In the listing below, find every line containing "unit" and copy it out.

Material for this task:

------------------------

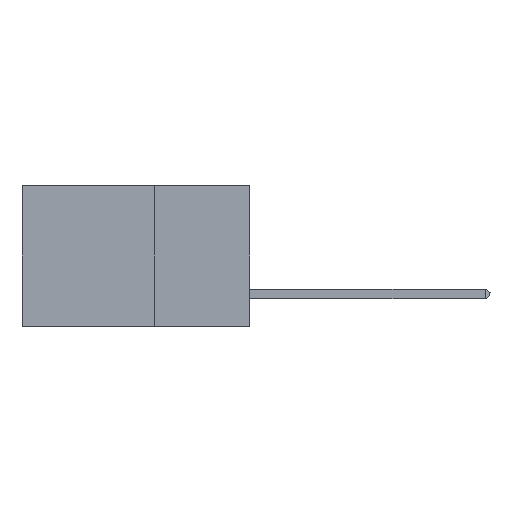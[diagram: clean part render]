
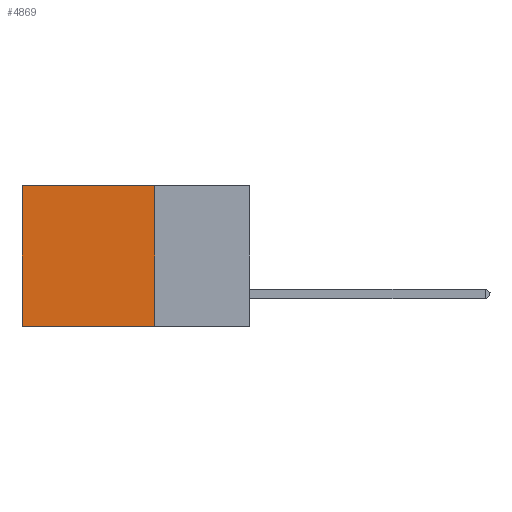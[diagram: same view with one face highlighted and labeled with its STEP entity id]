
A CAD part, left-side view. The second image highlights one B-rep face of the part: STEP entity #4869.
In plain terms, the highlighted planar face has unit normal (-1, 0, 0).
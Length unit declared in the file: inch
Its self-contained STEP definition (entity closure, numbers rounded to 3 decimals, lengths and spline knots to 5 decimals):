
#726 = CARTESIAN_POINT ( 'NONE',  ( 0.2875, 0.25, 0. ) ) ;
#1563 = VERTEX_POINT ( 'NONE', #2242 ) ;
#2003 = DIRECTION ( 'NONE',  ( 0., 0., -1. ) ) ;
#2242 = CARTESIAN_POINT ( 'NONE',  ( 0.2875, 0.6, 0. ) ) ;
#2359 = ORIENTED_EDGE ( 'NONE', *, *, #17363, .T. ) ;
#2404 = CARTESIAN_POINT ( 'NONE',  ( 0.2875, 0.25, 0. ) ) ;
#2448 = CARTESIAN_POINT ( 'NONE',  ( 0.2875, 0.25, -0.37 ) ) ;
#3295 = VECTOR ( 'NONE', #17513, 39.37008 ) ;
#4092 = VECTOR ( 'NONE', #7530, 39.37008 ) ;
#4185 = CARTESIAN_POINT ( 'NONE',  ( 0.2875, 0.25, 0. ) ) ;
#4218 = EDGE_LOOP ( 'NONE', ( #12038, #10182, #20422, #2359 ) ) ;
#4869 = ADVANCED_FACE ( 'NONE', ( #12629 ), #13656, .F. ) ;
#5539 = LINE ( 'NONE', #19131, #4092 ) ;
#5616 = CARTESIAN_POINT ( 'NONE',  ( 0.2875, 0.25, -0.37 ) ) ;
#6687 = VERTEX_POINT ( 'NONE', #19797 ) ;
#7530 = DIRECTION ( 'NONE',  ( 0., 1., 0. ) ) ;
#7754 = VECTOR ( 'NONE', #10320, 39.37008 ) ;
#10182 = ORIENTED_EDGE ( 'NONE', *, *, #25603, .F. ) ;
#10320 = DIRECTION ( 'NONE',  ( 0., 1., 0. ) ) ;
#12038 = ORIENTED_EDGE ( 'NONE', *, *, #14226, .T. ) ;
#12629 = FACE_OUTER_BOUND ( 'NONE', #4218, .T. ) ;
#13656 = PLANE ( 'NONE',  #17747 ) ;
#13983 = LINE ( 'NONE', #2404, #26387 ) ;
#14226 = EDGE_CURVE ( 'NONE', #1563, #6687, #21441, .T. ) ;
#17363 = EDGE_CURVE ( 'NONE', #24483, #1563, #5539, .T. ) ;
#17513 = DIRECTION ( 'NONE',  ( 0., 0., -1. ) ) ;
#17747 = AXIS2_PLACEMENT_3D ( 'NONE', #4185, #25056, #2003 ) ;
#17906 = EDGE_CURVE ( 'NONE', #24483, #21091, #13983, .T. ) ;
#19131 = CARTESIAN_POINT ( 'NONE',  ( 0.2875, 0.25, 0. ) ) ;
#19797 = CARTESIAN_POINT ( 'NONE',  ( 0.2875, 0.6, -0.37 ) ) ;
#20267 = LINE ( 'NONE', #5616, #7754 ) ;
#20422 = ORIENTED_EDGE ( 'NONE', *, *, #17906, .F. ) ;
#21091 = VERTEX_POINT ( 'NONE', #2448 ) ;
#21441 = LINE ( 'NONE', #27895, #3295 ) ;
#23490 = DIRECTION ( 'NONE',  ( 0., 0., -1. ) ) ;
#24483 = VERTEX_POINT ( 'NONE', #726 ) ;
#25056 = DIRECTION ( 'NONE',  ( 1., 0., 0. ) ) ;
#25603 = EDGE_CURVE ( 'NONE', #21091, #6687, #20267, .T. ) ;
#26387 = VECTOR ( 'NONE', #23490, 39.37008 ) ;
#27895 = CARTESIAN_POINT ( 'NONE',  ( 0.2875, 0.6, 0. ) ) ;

------------------------

Task output:
In plain terms, the highlighted planar face has unit normal (-1, 0, 0).
Length unit declared in the file: inch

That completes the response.